Having foreign supreme court justices sitting in is a high honour for a legal system, not an automatic right. The HK legal system lost this entitlement the day china tossed all the toys out of the pram and installed non-justiciable backdoors to constitutional constraints on government power.

(16)(3)

Mark

No mention of Lady Hale as the Beyoncé of law. I’m disappointed….People may start to take Legal Cheek seriously rather then a place where we can have a laugh in the comments.

(3)(1)

3PQE

Can someone remind me who voted for Christ Patten as the governor of Hong Kong? and the governors before him?

(3)(18)

Anon

Someone remind me, who voted to imprison and exterminate Uyghurs?

(5)(0)

Anon

Xi Jinping was elected by the National People’s Congress, so at least a couple thousand people nominally voted for him. Zero people voted for Chris Patten in Hong Kong.

(2)(20)

CYLeung

Why don’t we have a vote between Patten and Xi for HK now?

(4)(0)

Anon

As the UK’s extremist ideological regime is denying an ethnic group a vote between rule from London or Edinburgh, I am not sure what your point is.

dim maybe

I live and work in HK. I am not on fantastic money by anybody’s standards.
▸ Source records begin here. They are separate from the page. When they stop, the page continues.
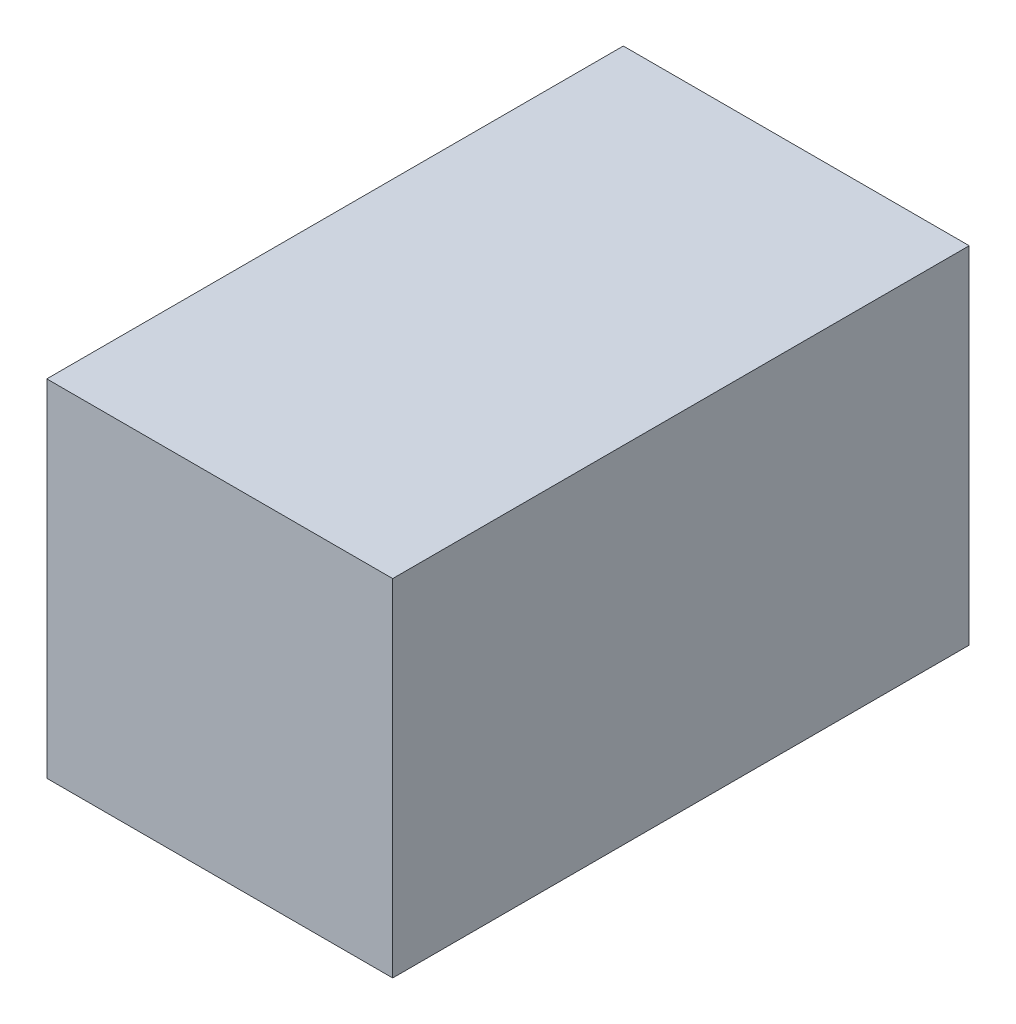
from build123d import *

# Parameters (mm, degrees)
ESQUISSE1_W      = 60
ESQUISSE1_H      = 60
EXTRUSION1_DEPTH = 100


with BuildPart() as part:
    # Esquisse1 → Extrusion1 (new body)
    with BuildSketch(Plane.XY):
        with Locations((30, 30)):
            Rectangle(ESQUISSE1_W, ESQUISSE1_H)
    extrude(amount=EXTRUSION1_DEPTH)


solid = part.part

My view is the UK judges should continue to sit until the first of them comes out to say they have been pressured to deliver a particular judgement. When that happens they all should withdraw. Requires “balls” on their part and I am far from convinced senior succesful lawyers have such. In the interim, monitor if the UK /overseas judge is in a minority of one or even two. If more than once, they should be withdrawn.

HK is not a happy place. Please do not disclose my details, email address or ISP number under any circumstances.